About MultiBank Group
MultiBank Group is a global leader in financial derivatives and trading technology, with over US$18 billion in daily volume and clients across 100+ countries. As we expand our data-driven culture, our mission is to create a unified Data Platform — a single source of truth empowering business intelligence, personalization, and AI-driven decisioning across all brands and entities.
Position Overview
We are seeking a visionary Head of Data Technology to architect, lead, and deliver the MultiBank Group Data Platform. This role will define the technology foundations of our data ecosystem, integrating cross-brand data sources into a unified Lakehouse architecture and enabling the next generation of AI, analytics, and personalisation capabilities.
This is a foundational leadership position — responsible for technology strategy, architecture design, and execution of all data infrastructure projects, from ingestion to visualization. You will manage a team of Data Engineers, BI Developers, and Cloud Specialists, and collaborate closely with Product, AI, and Business stakeholders to deliver reliable, scalable, and governed data solutions.
Key Responsibilities
Leadership & Strategy
- Lead the end-to-end design and delivery of the MultiBank Group Data Platform aligned with the Group CTO’s vision.
- Build and scale a world-class data technology team across engineering, analytics, and DevOps disciplines.
- Own data architecture decisions — including the Lakehouse model, S3 storage layers, Glue/DBT transformations, Kafka/Spark ingestion, and Redshift/RDS clusters.
- Collaborate with BI, AI, and Product leadership to define data standards, governance, and best practices.
- Drive adoption of self-service analytics, data observability, and data quality frameworks across departments.
Platform Architecture & Delivery
- Architect and implement the data ingestion, transformation, and modeling layers for all business verticals (Trading, CRM, Marketing, Compliance).
- Design and manage real-time data pipelines using Kafka and Spark Streaming.

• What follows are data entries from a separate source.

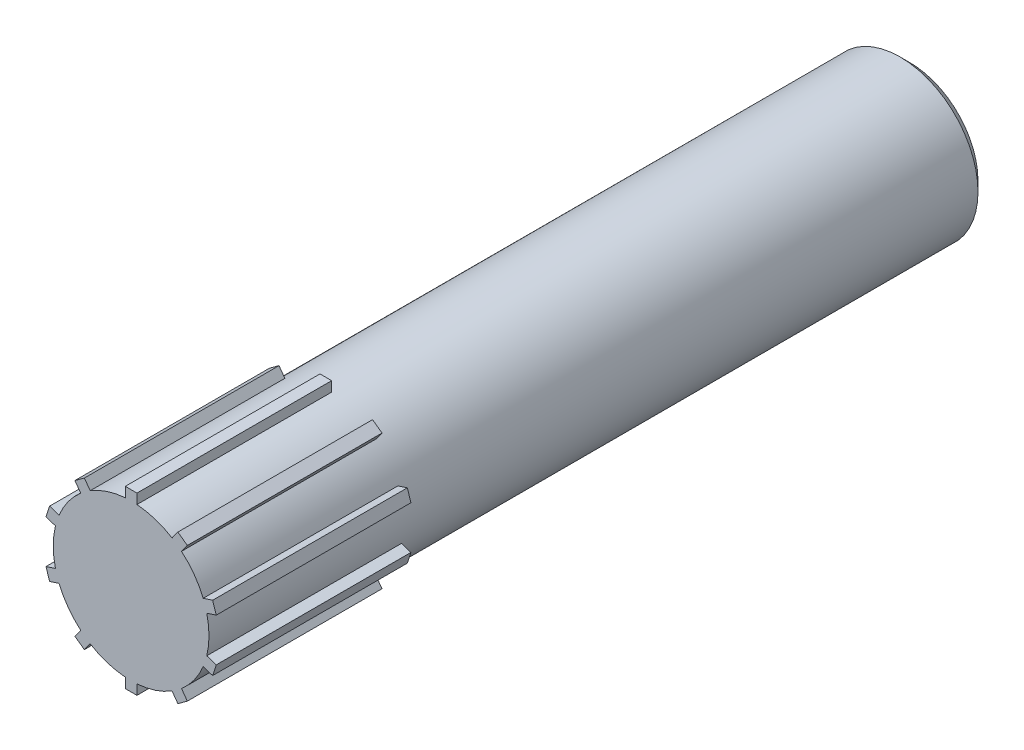
SolidWorks part; units mm, degrees
material "Alloy Steel (SS)"
ref_plane "Front " through (0, 0, 0) normal (0, 0, 1) x (1, 0, 0)
ref_plane "Top " through (0, 0, 0) normal (0, 1, 0) x (1, 0, 0)
ref_plane "Right " through (0, 0, 0) normal (1, 0, 0) x (0, 0, -1)
sketch "Sketch1" plane through (0, 0, 0) normal (0, 0, 1) x (1, 0, 0)
  circle A0 centre (0, 0) radius 4
  dimension "D1" = 8
extrude "Boss-Extrude1" add sketch "Sketch1" along normal blind 40
sketch "Sketch2" plane through (0, 0, 0) normal (0, 1, 0) x (1, 0, 0)
  line L0 (0, 0) -> (0, -40) construction
  line L1 (-4, -40) -> (4, -40) construction
  line L2 (0, -5) -> (0, -9) construction
  line L3 (1.5, -5) -> (1.5, -9)
  line L4 (-1.5, -5) -> (-1.5, -9)
  line L5 (4, 0) -> (-4, 0) construction
  arc A0 (1.5, -5) -> (-1.5, -5) centre (0, -5) ccw
  arc A1 (-1.5, -9) -> (1.5, -9) centre (0, -9) ccw
  point P7 (0, -7)
  dimension "D2" = 1.5
  dimension "D1" = 4
  dimension "D3" = 5
extrude "Cut-Extrude1" cut sketch "Sketch2" against normal through all from offset 2.5 offset against normal yes
sketch "Sketch3" plane through (0, 0, 40) normal (0, 0, 1) x (1, 0, 0)
  line L0 (0, 0) -> (0, 6.6548) construction
  line L2 (0.3, 4.5) -> (-0.3, 4.5)
  line L3 (0.3, 4.5) -> (0.3, 1.9961)
  line L4 (0.3, 1.9961) -> (-0.3, 1.9961)
  line L5 (-0.3, 4.5) -> (-0.3, 1.9961)
  dimension "D1" = 0.6
  dimension "D2" = 4.5
extrude "Boss-Extrude2" add sketch "Sketch3" against normal blind 10
pattern_circular "CirPattern1" count 10 over 360 about axis through (0, 0, 0) along (0, 0, 1) of "Boss-Extrude2"
chamfer "Chamfer1" distance 0.5 angle 45 1 edges at (4, 0, 0)
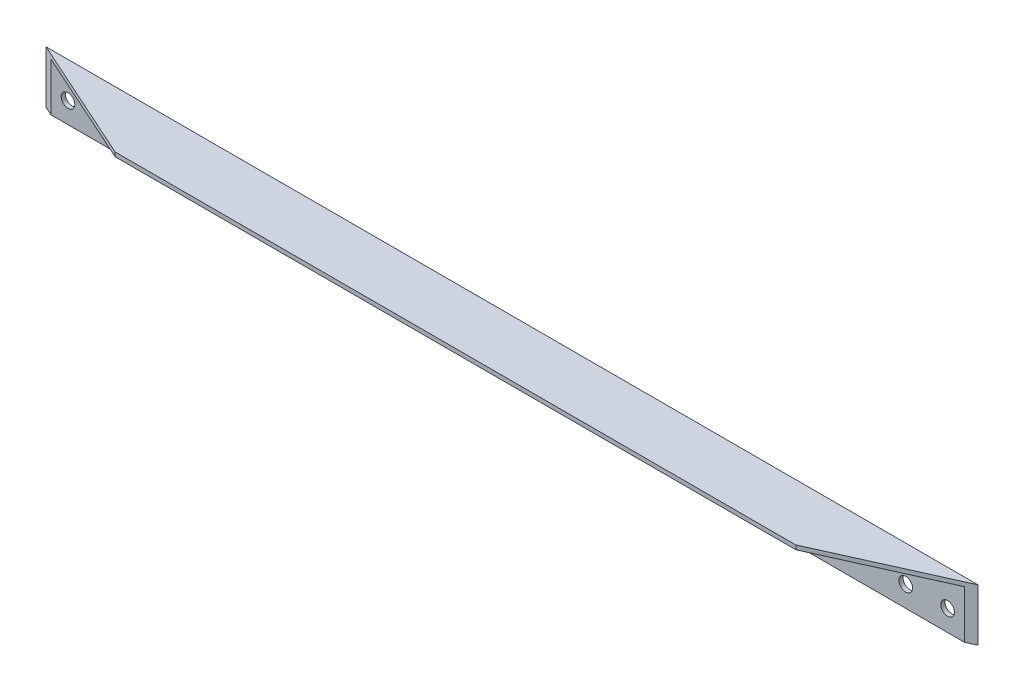
SolidWorks part; units mm, degrees
ref_plane "前视" through (0, 0, 0) normal (0, 0, 1) x (1, 0, 0)
ref_plane "上视" through (0, 0, 0) normal (0, 1, 0) x (1, 0, 0)
ref_plane "右视" through (0, 0, 0) normal (1, 0, 0) x (0, 0, -1)
sketch "草图1" plane through (0, 0, 0) normal (0, 0, 1) x (1, 0, 0)
  line L0 (0, 0) -> (0, 100) construction
  line L1 (-890, 0) -> (890, 0)
  line L2 (-890, 0) -> (-890, 100)
  line L3 (-890, 100) -> (890, 100)
  line L4 (890, 0) -> (890, 100)
  line L5 (1568.3745, 40) -> (890, 40) construction
  line L6 (890, 40) -> (0, 40) construction
  line L7 (468.717, 40) -> (338.4799, 40) construction
  line L8 (890, 40) -> (0, 40) construction
  line L9 (0, 72.6209) -> (0, 232.7989) construction
  line L10 (1000, 433.3131) -> (1000, -1026.6948) construction
  line L11 (-1000, 516.3236) -> (-1000, -1344.0878) construction
  circle A0 centre (840, 40) radius 13
  circle A1 centre (760, 40) radius 13
  circle A7 centre (-840, 40) radius 13
  circle A8 centre (-760, 40) radius 13
  dimension "D4" = 26
  dimension "D5" = 26
  dimension "D8" = 160
  dimension "D1" = 1780
  dimension "D2" = 100
  dimension "D3" = 40
  dimension "D6" = 50
  dimension "D7" = 80
  dimension "D9" = 160
extrude "基体-拉伸" add sketch "草图1" along normal blind 8
sketch "草图2" plane through (0, 0, 8) normal (0, 0, 1) x (1, 0, 0)
  line L0 (890, 0) -> (890, 100) construction
  line L1 (-890, 100) -> (890, 100)
  line L2 (-890, 100) -> (-890, 92)
  line L3 (-890, 92) -> (890, 92)
  line L4 (890, 100) -> (890, 92)
  dimension "D1" = 8
extrude "凸台-拉伸1" add sketch "草图2" along normal blind 100
sketch "草图3" plane through (0, 100, 0) normal (0, 1, 0) x (-1, 0, 0)
  line L0 (-890, 108) -> (890, 108) construction
  line L1 (-650, 108) -> (-890, 0)
  line L2 (-890, 0) -> (-890, 108)
  line L3 (-890, 108) -> (-650, 108)
  line L4 (0, -34.4051) -> (0, 171.3565) construction
  line L5 (890, 108) -> (650, 108)
  line L6 (890, 0) -> (890, 108)
  line L7 (650, 108) -> (890, 0)
  point P0 (-650, 108)
  dimension "D1" = 240
extrude "切除-拉伸1" cut sketch "草图3" against normal through all
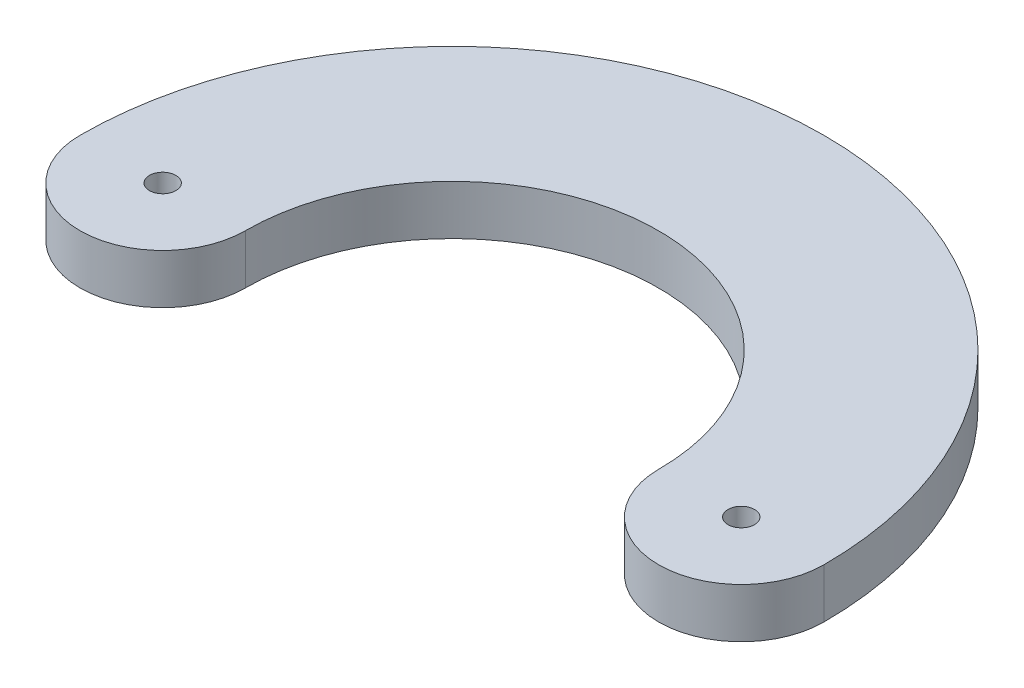
SolidWorks part; units mm, degrees
ref_plane "Front Plane" through (0, 0, 0) normal (0, 0, 1) x (1, 0, 0)
ref_plane "Top Plane" through (0, 0, 0) normal (0, 1, 0) x (1, 0, 0)
ref_plane "Right Plane" through (0, 0, 0) normal (1, 0, 0) x (0, 0, -1)
sketch "Sketch1" plane through (0, 0, 0) normal (0, 1, 0) x (1, 0, 0)
  line L0 (0, 0) -> (-25, 0) construction
  line L1 (-25, 0) -> (-45, 0) construction
  arc A0 (25, 0) -> (-25, 0) centre (0, 0) ccw
  arc A1 (45, 0) -> (-45, 0) centre (0, 0) ccw
  arc A2 (-45, 0) -> (-25, 0) centre (-35, 0) ccw
  arc A3 (25, 0) -> (45, 0) centre (35, 0) ccw
  circle A4 centre (-35, 0) radius 1.6
  circle A5 centre (35, 0) radius 1.6
extrude "Boss-Extrude1" add sketch "Sketch1" along normal blind 6

- Oversee data modeling, schema design, and versioning in line with dbt, Glue, and Lakehouse practices.
- Ensure data availability, consistency, and reliability across systems through monitoring, alerting, and SLAs.
- Lead migration and modernization initiatives on AWS (S3, Glue, RDS, Redshift, SageMaker).
- Integrate data systems with AI/ML infrastructure to enable personalization, customer segmentation, and risk analytics.
Governance & Security
- Implement data access policies, audit trails, and lineage for compliance with regulatory and privacy frameworks (GDPR, UAE PDPL).
- Partner with the cybersecurity team to enforce encryption, key management, and data loss prevention.
- Establish CI/CD practices for data pipeline deployment and version control.
Monitoring & Reliability
- Implement 24/7 observability for all data pipelines and warehouse systems using tools such as CloudWatch, Datadog, or Prometheus.
- Create dashboards for data quality KPIs, ingestion latency, and SLA compliance.
- Lead incident management and continuous improvement initiatives.
- Required Knowledge and Experience
- 10+ years in data engineering, platform architecture, or infrastructure roles, including 3+ years in leadership.
- Deep expertise in AWS data stack (S3, Glue, Redshift, RDS, SageMaker, IAM).
- Strong command of Kafka, Spark, Airflow, dbt, and containerised data services (Docker/Kubernetes).
- Experience with data modeling, ETL automation, and version-controlled transformation layers.
- Demonstrated success leading data platform or modernisation projects from concept to production.
- Proven ability to bridge technical and business stakeholders.
Desirable Certifications
- AWS Certified Data Analytics – Specialty
- Databricks Certified Data Engineer Professional
- Certified Data Management Professional (CDMP)
- PMP or Agile certification (for delivery management)
Collaboration
- Works cross-functionally with Product, AI, and Cybersecurity teams to enable data-driven decisions.
- Strong leadership, mentoring, and communication skills to scale a multi-disciplinary data team.
- Passion for data culture, innovation, and measurable business outcomes.